It's perfect and quiet and peaceful.
Until they hear their friend scream bloody murder.
Spider.
Everyone jumps up, alarmed and ready to fight.
You're in the kitchen holding an empty container, the refrigerator wide open, and looking more stressed out than they've ever seen you. But there was no threat?
The team is still worried but confused. There was no one else in the kitchen with you so...? Why were you screaming? And there was seemingly no spider on the container you were holding, the only creature that could scare you bad enough for you to freak out like this. (You denied this claim again and again, unfortunately they didn't believe you. How embarrassing was that? Spider had arachnophobia? How damaging to your reputation.)
You continue to stare at the container, and your friends have concluded their near heart attack at your cry for help was all for not.
Their shoulders all sag simultaneously, breaths of relief leaving their mouths.
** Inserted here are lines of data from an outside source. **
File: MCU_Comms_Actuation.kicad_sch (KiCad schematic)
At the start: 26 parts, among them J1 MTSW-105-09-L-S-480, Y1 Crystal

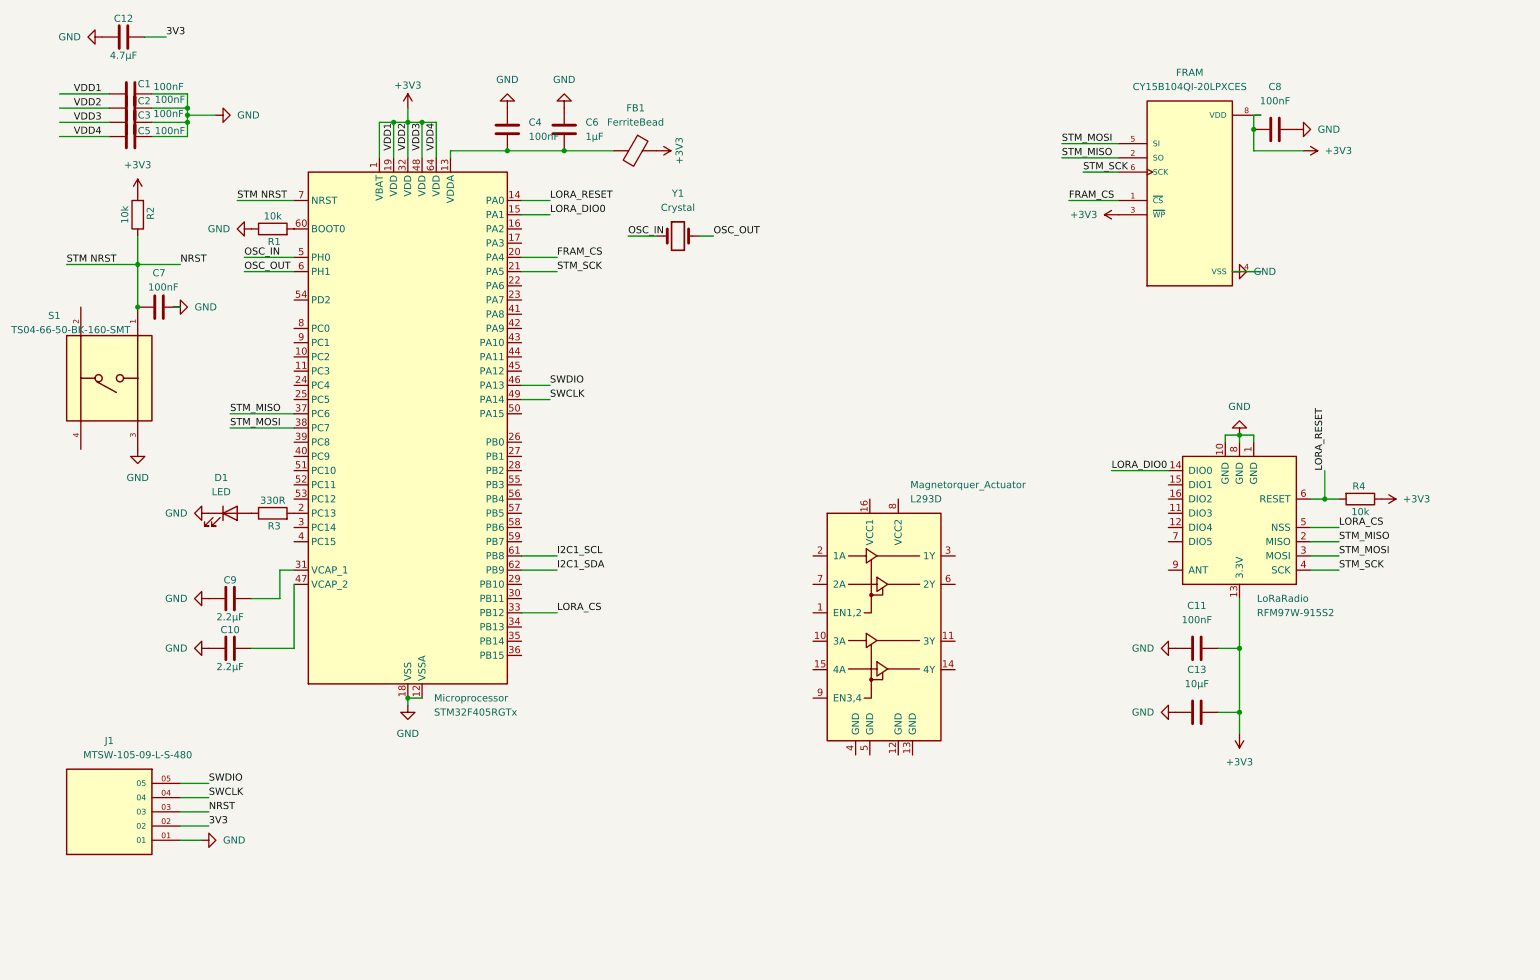
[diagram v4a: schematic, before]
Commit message: Add dual DRV8833 magnetorquer drivers with decoupling for XYZ axes
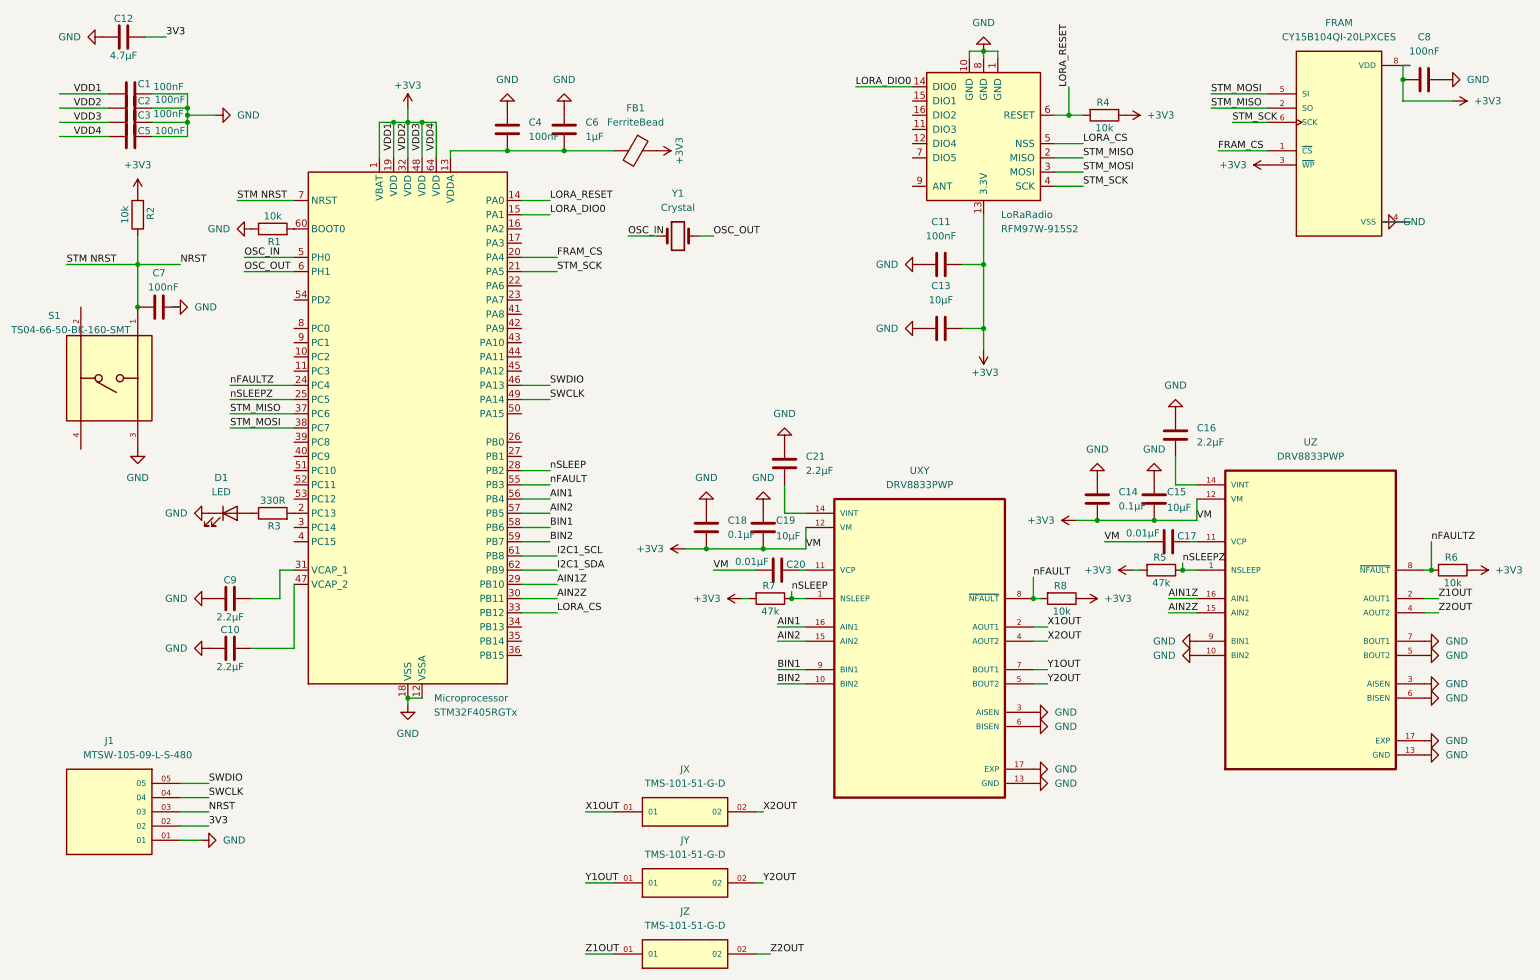
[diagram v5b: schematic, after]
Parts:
- removed Magnetorquer_Actuator: L293D, Package_DIP:DIP-16_W7.62mm, symbol Driver_Motor:L293D
- added C14, C18: 0.1µF, symbol Device:C
- added C15, C19: 10µF, symbol Device:C
- added C16, C21: 2.2µF, symbol Device:C
- added C17, C20: 0.01µF, symbol Device:C
- added JX, JY, JZ: TMS-101-51-G-D, TMS-101-51-G-D:SAMTEC_TMS-101-51-G-D, symbol TMS-101-51-G-D:TMS-101-51-G-D
- added R5, R7: 47k, symbol Device:R
- added R6, R8: 10k, symbol Device:R
- added UXY, UZ: DRV8833PWP, DRV8833PWP:IC_DRV8833PWP, symbol DRV8833PWP:DRV8833PWP
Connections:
- net +3V3: now also C14.2, C15.2, C17.2, C18.2, C19.2, C20.2, R5.2, R6.1, R7.2, R8.1, UXY.12 (VM), UZ.12 (VM)
- net GND: now also C14.1, C15.1, C16.1, C18.1, C19.1, C21.1, UXY.13 (GND), UXY.17 (EXP), UXY.3 (AISEN), UXY.6 (BISEN), UZ.10 (BIN2), UZ.13 (GND), UZ.17 (EXP), UZ.3 (AISEN), UZ.5 (BOUT2), UZ.6 (BISEN), UZ.7 (BOUT1), UZ.9 (BIN1)
- net nFAULTZ: now reaches Microprocessor.24 (PC4)
- net nFAULTZ: now also R6.2, UZ.8 (~{NFAULT})
- net nSLEEPZ: now reaches Microprocessor.25 (PC5)
- net nSLEEPZ: now also R5.1, UZ.1 (NSLEEP)
- net nSLEEP: now reaches Microprocessor.28 (PB2)
- net nSLEEP: now also R7.1, UXY.1 (NSLEEP)
- net AIN1Z: now reaches Microprocessor.29 (PB10)
- net AIN1Z: now also UZ.16 (AIN1)
- net AIN2Z: now reaches Microprocessor.30 (PB11)
- net AIN2Z: now also UZ.15 (AIN2)
- net nFAULT: now reaches Microprocessor.55 (PB3)
- net nFAULT: now also R8.2, UXY.8 (~{NFAULT})
- net AIN1: now reaches Microprocessor.56 (PB4)
- net AIN1: now also UXY.16 (AIN1)
- net AIN2: now reaches Microprocessor.57 (PB5)
- net AIN2: now also UXY.15 (AIN2)
- net BIN1: now reaches Microprocessor.58 (PB6)
- net BIN1: now also UXY.9 (BIN1)
- net BIN2: now reaches Microprocessor.59 (PB7)
- net BIN2: now also UXY.10 (BIN2)
- new net: C20.1, UXY.11 (VCP)
- new net: C21.2, UXY.14 (VINT)
- new net: C16.2, UZ.14 (VINT)
- new net: C17.1, UZ.11 (VCP)
- new net X1OUT: JX.01, UXY.2 (AOUT1)
- new net X2OUT: JX.02, UXY.4 (AOUT2)
- new net Y1OUT: JY.01, UXY.7 (BOUT1)
- new net Y2OUT: JY.02, UXY.5 (BOUT2)
- new net Z1OUT: JZ.01, UZ.2 (AOUT1)
- new net Z2OUT: JZ.02, UZ.4 (AOUT2)
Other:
- moved on the sheet: C11, C13, C8, FRAM, LoRaRadio, R4

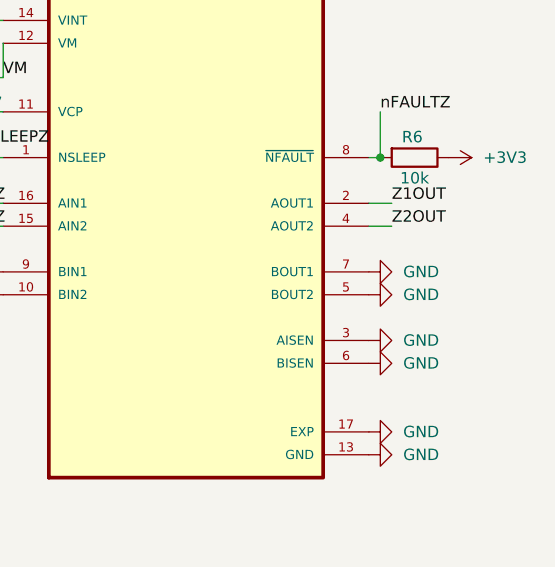
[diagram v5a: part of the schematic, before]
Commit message: Fix C15 cap value and add NC markers on unused BOUT pins
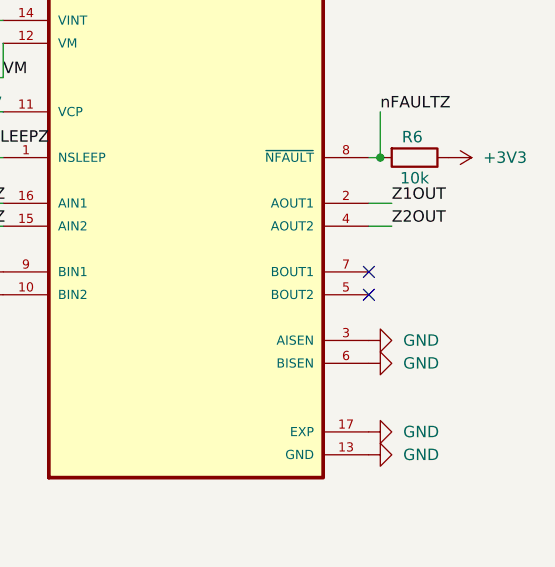
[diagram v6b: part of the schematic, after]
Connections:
- net GND: no longer UZ.5 (BOUT2), UZ.7 (BOUT1)
- no-connect marks 0 -> 2
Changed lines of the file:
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@@
 		(color 0 0 0 0)
 	)
+	(no_connect
+		(at 265.43 134.62)
+	)
+	(no_connect
+		(at 265.43 132.08)
+	)
 	(wire
 		(pts
@@
 	)
 	(symbol
-		(lib_id "power:GND")
-		(at 265.43 134.62 90)
-		(unit 1)
-		(body_style 1)
-		(exclude_from_sim no)
-		(in_bom yes)
-		(on_board yes)
-		(in_pos_files yes)
-		(dnp no)
-		(fields_autoplaced yes)
-		(property "Reference" "#PWR048"
-			(at 271.78 134.62 0)
-			(hide yes)
-			(show_name no)
-			(do_not_autoplace no)
-			(effects
-				(font
-					(size 1.27 1.27)
-				)
-			)
-		)
-		(property "Value" "GND"
-			(at 269.24 134.6199 90)
-			(show_name no)
-			(do_not_autoplace no)
-			(effects
-				(font
-					(size 1.27 1.27)
-				)
-				(justify right)
-			)
-		)
-		(property "Footprint" ""
-			(at 265.43 134.62 0)
-			(hide yes)
-			(show_name no)
-			(do_not_autoplace no)
-			(effects
-				(font
-					(size 1.27 1.27)
-				)
-			)
-		)
-		(property "Datasheet" ""
-			(at 265.43 134.62 0)
-			(hide yes)
-			(show_name no)
-			(do_not_autoplace no)
-			(effects
-				(font
-					(size 1.27 1.27)
-				)
-			)
-		)
-		(property "Description" "Power symbol creates a global label with name \"GND\" , ground"
-			(at 265.43 134.62 0)
-			(hide yes)
-			(show_name no)
-			(do_not_autoplace no)
-			(effects
-				(font
-					(size 1.27 1.27)
-				)
-			)
-		)
-		(pin "1"
-		)
-		(instances
-			(project "MCU_Comms_Actuation"
-				(path "/951c21f5-e3a2-4971-b4ad-b39d9271a0ce"
-					(reference "#PWR048")
-					(unit 1)
-				)
-			)
-		)
-	)
-	(symbol
 		(lib_id "Device:C")
 		(at 207.01 106.68 0)
@@
 					(unit 1)
 				)
-			)
-		)
-	)
-	(symbol
-		(lib_id "power:GND")
-		(at 265.43 132.08 90)
-		(unit 1)
-		(body_style 1)
-		(exclude_from_sim no)
-		(in_bom yes)
-		(on_board yes)
-		(in_pos_files yes)
-		(dnp no)
-		(fields_autoplaced yes)
-		(property "Reference" "#PWR047"
-			(at 271.78 132.08 0)
-			(hide yes)
-			(show_name no)
-			(do_not_autoplace no)
-			(effects
-				(font
-					(size 1.27 1.27)
-				)
-			)
-		)
-		(property "Value" "GND"
-			(at 269.24 132.0799 90)
-			(show_name no)
-			(do_not_autoplace no)
-			(effects
-				(font
-					(size 1.27 1.27)
-				)
-				(justify right)
-			)
-		)
-		(property "Footprint" ""
-			(at 265.43 132.08 0)
-			(hide yes)
-			(show_name no)
-			(do_not_autoplace no)
-			(effects
-				(font
-					(size 1.27 1.27)
-				)
-			)
-		)
-		(property "Datasheet" ""
-			(at 265.43 132.08 0)
-			(hide yes)
-			(show_name no)
-			(do_not_autoplace no)
-			(effects
-				(font
-					(size 1.27 1.27)
-				)
-			)
-		)
-		(property "Description" "Power symbol creates a global label with name \"GND\" , ground"
-			(at 265.43 132.08 0)
-			(hide yes)
-			(show_name no)
-			(do_not_autoplace no)
-			(effects
-				(font
-					(size 1.27 1.27)
-				)
-			)
-		)
-		(pin "1"
-		)
-		(instances
-			(project "MCU_Comms_Actuation"
-				(path "/951c21f5-e3a2-4971-b4ad-b39d9271a0ce"
-					(reference "#PWR047")
-					(unit 1)
-				)

Kaldur is the first to speak, "What has gotten into you, Spider? You scared us all." He does not sound happy.
And if you took the time to look at the rest of your teammates, the annoyance would be evident.
But no. You continued to stare at your stupid container.
"Hello!" - Artemis
"Earth to Spider!" - Robin
"We're not getting any younger over here." - Wally
Roy only sighs, shaking his head, Conner raising a brow beside him, amused for the most part.
M'gann just stands quietly, wondering if she should read your mind without your permission to figure out the problem or not.
"Which one of your imbeciles did this?" Your voice was eerily calm...it was disturbing.
They all shared the same sentiment. What?
You glare in their direction, eyeing each one of your supposed friends carefully.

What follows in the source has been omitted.